Lo primero que llama la atención al entrar en la casa de Roland Streuli es el collage de fotografías de artistas famosos, tanto nacionales como internacionales, que él ha retratado. Otro elemento que destaca es la variedad y cantidad de búhos y lechuzas que decoran su hogar. Se trata de una colección de más de 3.000 piezas de diferentes formas, tamaños, materiales y orígenes, que lleva atesorando por más de 40 años.

Streuli, con su característica cola de caballo rubia, se apoya con su bastón para caminar. Cuenta que padeció un COVID muy severo que le dañó el pie derecho. «Yo estaba en perfecto estado, más flaquito que nunca, hacía ejercicio, pero el hecho de que el COVID me afectara todo desde el talón de Aquiles hasta la punta de los dedos me hizo perder el equilibrio a veces». Su archivo visual es un tesoro de la cultura venezolana, que no solo registra importantes eventos nacionales e internacionales, sino que también alberga una galería de personajes de la cultura y el espectáculo, entre otros.

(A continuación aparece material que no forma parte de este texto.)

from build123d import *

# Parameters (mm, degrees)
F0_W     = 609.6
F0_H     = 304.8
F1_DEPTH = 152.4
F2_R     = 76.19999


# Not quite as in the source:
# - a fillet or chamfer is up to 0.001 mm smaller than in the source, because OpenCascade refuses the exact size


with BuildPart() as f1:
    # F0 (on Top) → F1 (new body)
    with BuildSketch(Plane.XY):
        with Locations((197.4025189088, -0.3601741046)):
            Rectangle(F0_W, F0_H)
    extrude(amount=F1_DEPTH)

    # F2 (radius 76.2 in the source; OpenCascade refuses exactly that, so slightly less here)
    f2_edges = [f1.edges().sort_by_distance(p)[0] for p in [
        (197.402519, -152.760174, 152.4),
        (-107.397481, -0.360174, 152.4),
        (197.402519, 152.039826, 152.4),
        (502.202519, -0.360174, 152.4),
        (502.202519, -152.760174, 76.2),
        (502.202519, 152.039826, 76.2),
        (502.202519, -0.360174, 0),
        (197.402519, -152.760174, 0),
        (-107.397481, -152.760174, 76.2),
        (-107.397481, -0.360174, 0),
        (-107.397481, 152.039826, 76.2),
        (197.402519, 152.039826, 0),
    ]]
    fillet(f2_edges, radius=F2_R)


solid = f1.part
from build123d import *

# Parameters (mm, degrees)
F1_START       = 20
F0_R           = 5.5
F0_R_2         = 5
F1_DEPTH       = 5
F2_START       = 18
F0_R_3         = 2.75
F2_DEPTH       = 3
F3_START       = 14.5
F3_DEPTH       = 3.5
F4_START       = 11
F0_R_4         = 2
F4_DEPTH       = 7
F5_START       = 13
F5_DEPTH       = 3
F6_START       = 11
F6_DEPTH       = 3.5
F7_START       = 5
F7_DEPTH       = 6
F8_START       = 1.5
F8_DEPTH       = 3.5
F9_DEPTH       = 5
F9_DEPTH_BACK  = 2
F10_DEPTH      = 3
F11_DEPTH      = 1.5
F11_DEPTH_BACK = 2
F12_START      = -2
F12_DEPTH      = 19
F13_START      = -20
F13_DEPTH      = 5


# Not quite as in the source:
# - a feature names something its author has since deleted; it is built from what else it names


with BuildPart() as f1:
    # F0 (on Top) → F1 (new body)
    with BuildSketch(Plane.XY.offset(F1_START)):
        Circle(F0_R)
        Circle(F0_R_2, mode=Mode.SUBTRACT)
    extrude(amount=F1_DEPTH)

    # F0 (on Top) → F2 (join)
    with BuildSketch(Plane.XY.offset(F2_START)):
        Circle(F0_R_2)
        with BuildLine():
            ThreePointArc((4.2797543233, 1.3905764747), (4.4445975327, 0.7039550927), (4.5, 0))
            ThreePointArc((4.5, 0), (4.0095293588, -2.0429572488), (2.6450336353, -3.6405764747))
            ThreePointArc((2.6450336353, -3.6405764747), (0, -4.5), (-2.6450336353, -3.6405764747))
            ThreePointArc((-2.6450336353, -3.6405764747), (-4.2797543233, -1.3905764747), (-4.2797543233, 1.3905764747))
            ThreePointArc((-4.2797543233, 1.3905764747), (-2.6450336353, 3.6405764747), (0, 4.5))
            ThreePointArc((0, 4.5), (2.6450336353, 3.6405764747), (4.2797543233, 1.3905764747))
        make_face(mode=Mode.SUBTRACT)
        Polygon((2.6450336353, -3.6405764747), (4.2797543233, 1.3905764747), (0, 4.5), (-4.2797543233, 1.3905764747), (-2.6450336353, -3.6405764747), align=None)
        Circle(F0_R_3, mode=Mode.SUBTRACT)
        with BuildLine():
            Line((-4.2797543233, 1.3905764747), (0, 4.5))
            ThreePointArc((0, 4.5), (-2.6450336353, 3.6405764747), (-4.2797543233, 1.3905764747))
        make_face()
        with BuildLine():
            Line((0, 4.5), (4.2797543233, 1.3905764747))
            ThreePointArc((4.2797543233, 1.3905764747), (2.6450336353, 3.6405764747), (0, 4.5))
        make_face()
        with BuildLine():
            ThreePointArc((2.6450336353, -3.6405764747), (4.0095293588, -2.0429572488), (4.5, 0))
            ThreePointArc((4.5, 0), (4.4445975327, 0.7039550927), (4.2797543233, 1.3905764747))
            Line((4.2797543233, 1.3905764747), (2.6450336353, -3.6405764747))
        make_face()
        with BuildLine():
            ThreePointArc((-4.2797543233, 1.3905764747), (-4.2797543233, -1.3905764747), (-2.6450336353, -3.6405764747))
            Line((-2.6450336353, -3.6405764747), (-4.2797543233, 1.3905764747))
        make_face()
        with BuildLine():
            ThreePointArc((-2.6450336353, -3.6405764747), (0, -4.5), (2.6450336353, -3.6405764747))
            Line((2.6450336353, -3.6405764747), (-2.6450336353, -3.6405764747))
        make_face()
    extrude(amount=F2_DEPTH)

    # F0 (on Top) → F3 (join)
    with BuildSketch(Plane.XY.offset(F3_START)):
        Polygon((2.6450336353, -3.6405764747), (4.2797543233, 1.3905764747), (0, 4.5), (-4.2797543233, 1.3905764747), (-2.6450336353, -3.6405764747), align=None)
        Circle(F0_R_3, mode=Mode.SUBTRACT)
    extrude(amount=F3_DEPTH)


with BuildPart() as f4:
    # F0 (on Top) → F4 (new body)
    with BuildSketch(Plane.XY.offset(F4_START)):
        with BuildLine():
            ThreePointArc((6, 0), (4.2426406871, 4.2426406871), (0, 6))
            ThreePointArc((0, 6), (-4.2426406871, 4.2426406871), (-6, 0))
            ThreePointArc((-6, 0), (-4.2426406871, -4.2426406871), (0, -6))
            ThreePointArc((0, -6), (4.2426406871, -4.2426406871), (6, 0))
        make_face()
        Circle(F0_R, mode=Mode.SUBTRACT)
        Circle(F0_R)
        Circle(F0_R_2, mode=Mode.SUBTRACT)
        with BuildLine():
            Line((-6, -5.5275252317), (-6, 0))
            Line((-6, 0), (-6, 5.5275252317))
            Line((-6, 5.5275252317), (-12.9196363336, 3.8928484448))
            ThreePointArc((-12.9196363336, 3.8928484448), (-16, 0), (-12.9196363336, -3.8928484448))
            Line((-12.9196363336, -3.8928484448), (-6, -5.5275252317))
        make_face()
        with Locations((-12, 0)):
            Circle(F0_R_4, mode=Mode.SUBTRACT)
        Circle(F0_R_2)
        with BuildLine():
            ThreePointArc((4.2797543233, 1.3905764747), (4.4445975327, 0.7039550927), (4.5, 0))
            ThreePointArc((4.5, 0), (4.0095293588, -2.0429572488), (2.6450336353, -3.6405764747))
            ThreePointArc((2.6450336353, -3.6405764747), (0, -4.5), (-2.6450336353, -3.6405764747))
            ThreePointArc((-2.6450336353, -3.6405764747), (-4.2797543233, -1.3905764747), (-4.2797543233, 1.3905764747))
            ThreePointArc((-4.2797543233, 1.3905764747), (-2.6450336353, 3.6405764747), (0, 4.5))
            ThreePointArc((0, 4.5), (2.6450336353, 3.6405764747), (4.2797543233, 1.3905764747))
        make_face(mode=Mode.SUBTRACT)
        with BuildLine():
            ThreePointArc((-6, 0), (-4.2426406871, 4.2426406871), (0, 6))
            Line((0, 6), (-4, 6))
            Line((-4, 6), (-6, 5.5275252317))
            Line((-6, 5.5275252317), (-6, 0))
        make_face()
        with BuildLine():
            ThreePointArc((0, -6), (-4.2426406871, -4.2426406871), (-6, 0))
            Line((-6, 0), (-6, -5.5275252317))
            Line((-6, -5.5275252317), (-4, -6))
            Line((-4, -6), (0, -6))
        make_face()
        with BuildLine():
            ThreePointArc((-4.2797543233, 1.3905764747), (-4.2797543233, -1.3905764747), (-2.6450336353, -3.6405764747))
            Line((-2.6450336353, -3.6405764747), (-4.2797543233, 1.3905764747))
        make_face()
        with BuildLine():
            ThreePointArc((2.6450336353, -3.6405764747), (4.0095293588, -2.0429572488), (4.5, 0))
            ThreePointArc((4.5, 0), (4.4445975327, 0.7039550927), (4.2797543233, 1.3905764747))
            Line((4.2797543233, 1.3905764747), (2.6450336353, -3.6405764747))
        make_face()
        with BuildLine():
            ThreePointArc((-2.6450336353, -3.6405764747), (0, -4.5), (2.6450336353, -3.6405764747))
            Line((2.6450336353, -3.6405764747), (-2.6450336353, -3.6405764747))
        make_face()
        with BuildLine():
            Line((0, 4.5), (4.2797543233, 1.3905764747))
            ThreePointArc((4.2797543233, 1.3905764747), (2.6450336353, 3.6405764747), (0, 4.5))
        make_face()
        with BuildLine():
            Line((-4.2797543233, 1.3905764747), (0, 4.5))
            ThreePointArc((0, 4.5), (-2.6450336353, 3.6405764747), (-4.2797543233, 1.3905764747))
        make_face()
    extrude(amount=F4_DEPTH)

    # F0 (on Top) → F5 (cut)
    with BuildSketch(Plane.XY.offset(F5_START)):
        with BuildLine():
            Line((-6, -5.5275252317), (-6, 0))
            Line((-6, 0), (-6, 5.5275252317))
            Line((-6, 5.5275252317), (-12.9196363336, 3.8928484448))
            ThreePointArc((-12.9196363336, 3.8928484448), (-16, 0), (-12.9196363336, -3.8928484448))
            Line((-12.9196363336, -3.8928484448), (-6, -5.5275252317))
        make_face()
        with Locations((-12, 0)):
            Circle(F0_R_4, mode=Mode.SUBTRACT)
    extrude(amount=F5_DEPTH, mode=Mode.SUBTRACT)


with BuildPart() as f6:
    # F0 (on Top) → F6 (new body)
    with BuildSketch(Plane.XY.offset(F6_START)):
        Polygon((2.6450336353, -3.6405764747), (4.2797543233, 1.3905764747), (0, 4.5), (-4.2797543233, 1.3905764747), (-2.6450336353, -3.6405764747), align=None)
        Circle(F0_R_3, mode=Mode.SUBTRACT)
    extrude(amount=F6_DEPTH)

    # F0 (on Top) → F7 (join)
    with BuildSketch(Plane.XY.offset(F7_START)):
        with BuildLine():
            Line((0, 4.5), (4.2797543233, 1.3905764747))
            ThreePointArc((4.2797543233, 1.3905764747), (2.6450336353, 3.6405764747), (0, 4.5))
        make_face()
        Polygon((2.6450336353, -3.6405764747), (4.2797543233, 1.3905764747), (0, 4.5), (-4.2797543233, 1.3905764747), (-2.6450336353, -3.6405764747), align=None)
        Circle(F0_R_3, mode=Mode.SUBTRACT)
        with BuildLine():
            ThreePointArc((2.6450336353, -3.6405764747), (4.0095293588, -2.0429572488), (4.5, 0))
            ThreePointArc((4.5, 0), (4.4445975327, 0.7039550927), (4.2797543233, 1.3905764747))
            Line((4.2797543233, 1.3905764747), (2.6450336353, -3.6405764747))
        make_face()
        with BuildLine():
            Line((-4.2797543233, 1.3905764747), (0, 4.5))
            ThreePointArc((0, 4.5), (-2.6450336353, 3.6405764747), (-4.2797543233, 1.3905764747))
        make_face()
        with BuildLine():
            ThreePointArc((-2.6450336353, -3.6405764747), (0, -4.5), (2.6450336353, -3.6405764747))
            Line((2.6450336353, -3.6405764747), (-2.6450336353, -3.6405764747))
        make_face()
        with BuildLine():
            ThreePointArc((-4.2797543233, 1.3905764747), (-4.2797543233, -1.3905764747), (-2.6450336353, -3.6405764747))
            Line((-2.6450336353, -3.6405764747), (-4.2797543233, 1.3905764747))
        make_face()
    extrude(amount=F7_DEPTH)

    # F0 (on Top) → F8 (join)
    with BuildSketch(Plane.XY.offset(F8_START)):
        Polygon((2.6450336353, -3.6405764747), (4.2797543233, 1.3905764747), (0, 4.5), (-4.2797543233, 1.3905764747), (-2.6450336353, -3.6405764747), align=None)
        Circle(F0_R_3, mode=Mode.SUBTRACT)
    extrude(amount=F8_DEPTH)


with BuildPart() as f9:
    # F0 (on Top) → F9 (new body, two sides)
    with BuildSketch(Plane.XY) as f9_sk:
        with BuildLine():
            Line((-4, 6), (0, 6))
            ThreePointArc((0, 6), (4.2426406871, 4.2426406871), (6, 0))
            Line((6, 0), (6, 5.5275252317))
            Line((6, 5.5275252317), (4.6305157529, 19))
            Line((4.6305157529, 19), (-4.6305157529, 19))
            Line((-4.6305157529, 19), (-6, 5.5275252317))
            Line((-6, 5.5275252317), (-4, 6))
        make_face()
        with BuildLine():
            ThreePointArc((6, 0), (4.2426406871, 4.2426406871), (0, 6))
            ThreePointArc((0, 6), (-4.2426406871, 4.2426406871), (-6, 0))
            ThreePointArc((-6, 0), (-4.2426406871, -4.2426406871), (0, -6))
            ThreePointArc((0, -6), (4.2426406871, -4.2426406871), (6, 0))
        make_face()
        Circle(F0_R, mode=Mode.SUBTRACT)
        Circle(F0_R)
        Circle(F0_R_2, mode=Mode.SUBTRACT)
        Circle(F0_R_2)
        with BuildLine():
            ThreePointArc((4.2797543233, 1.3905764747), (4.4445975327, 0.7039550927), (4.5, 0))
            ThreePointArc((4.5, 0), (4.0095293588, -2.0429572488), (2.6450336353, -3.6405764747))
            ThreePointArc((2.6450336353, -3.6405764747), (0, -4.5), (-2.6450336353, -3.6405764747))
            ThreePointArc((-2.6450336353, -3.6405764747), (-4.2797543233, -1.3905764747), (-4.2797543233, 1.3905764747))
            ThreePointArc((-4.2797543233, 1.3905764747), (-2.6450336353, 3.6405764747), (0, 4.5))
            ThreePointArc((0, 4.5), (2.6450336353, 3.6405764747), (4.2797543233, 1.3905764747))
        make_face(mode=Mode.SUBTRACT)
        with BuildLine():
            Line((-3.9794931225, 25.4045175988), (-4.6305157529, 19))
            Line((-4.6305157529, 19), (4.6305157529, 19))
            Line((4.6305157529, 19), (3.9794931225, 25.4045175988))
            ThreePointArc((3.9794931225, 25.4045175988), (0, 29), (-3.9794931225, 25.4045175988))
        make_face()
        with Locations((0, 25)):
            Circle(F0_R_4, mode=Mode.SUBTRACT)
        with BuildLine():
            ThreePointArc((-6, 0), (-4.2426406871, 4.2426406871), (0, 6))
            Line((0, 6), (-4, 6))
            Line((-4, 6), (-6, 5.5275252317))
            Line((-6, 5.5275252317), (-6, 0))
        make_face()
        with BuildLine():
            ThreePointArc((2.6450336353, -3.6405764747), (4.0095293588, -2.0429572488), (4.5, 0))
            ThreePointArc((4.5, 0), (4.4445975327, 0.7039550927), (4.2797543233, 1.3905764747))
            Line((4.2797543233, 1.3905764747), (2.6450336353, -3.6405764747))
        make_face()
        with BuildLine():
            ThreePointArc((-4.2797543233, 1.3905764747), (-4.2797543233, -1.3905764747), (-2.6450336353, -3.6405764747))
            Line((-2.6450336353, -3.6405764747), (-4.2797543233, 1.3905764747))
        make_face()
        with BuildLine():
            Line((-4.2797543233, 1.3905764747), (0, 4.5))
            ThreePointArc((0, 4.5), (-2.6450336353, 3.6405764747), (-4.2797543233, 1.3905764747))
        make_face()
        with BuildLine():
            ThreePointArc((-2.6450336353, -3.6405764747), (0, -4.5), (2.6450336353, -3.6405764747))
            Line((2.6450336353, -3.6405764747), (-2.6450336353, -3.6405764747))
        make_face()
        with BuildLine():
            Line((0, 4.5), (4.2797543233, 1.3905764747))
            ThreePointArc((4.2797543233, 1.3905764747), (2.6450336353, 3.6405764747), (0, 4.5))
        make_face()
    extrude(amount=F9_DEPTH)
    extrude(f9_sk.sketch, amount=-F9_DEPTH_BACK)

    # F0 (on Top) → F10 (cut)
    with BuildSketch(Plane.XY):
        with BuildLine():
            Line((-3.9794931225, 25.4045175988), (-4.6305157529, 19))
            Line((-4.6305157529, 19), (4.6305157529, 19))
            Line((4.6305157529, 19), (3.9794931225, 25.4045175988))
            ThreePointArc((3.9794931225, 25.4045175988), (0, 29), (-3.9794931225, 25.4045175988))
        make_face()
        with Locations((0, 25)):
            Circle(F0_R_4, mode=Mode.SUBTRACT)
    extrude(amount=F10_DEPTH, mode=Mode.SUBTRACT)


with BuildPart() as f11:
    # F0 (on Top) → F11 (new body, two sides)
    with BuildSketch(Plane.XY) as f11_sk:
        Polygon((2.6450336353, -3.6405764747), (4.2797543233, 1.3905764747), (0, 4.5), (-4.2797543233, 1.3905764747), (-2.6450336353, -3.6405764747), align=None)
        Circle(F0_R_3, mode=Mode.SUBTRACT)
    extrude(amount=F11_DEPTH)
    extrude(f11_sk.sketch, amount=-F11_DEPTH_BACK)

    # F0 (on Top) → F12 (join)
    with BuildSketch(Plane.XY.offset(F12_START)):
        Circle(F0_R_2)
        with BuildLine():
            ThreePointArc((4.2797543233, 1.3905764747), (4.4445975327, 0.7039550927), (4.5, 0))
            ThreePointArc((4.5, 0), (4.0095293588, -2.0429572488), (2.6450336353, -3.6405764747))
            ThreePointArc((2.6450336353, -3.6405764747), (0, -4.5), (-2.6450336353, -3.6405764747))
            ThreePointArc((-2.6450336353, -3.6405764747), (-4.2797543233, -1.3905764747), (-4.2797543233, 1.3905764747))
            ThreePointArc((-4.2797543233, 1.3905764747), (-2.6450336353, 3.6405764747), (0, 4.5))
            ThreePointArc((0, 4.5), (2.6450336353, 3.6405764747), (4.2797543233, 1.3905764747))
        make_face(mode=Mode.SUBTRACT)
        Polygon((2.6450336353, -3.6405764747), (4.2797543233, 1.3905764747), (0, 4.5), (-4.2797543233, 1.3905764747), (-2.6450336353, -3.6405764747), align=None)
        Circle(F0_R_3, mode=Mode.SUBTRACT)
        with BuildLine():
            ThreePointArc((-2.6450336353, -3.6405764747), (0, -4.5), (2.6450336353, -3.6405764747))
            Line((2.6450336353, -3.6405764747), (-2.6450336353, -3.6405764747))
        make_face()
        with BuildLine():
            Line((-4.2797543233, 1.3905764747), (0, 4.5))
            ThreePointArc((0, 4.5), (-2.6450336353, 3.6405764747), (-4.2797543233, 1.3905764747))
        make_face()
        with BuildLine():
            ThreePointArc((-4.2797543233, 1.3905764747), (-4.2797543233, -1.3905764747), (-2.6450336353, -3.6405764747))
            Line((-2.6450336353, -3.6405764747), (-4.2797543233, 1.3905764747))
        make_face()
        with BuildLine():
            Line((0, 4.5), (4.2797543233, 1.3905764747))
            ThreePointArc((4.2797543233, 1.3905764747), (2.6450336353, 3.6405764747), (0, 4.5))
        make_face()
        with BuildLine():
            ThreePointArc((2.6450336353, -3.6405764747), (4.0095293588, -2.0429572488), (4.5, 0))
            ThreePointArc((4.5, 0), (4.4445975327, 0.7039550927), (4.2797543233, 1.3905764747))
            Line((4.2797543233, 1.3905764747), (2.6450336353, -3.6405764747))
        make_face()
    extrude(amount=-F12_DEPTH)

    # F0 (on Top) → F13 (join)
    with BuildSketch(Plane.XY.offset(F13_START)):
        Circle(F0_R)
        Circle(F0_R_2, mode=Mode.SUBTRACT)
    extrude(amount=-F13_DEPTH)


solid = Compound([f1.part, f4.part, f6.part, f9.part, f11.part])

Así lo expresa él mismo: «Tengo una colección completa de teatro. Del Teresa Carreño tengo de todo, tanto de danza, como de teatro, de espectáculos y celebridades. Por ejemplo: Rocío Dúrcal, Audrey Hepburn, el Papa, el Dalai Lama, Lech Walesa, Ernesto Sábato, Deepak Chopra. También tengo el honor de haber fotografiado a Yehudi Menuhin con Ravi Shankar, cuando hicieron una presentación única fusionando la música de occidente con la oriental. Yo estoy abrazado con ellos dos, uno a cada lado, con mi barba parecida a la de Cristo. Esa es una de mis fotos más queridas, porque soy budista al cien por ciento. Mi filosofía es totalmente budista. Creo en Dios, por supuesto, pero no creo en la religión. Detesto las religiones».

—¿Por qué las odia?

—Todo es una mentira, no hay nada verdadero. Es como amedrentar a los pobres, para que entreguen el poco dinero que poseen, con la excusa de ayudar a los más necesitados. Y qué coincidencia que el país más pequeño del mundo, donde reside la jerarquía papal en el Vaticano, sea el más rico. No solo a nivel artístico, porque tienen una gran colección, sino también a nivel de joyas, propiedades e inversiones. Ellos poseen edificios y construcciones por todas partes, y flotan encima de una nube de dinero.

—¿Eso quiere decir que tampoco cree en la Biblia?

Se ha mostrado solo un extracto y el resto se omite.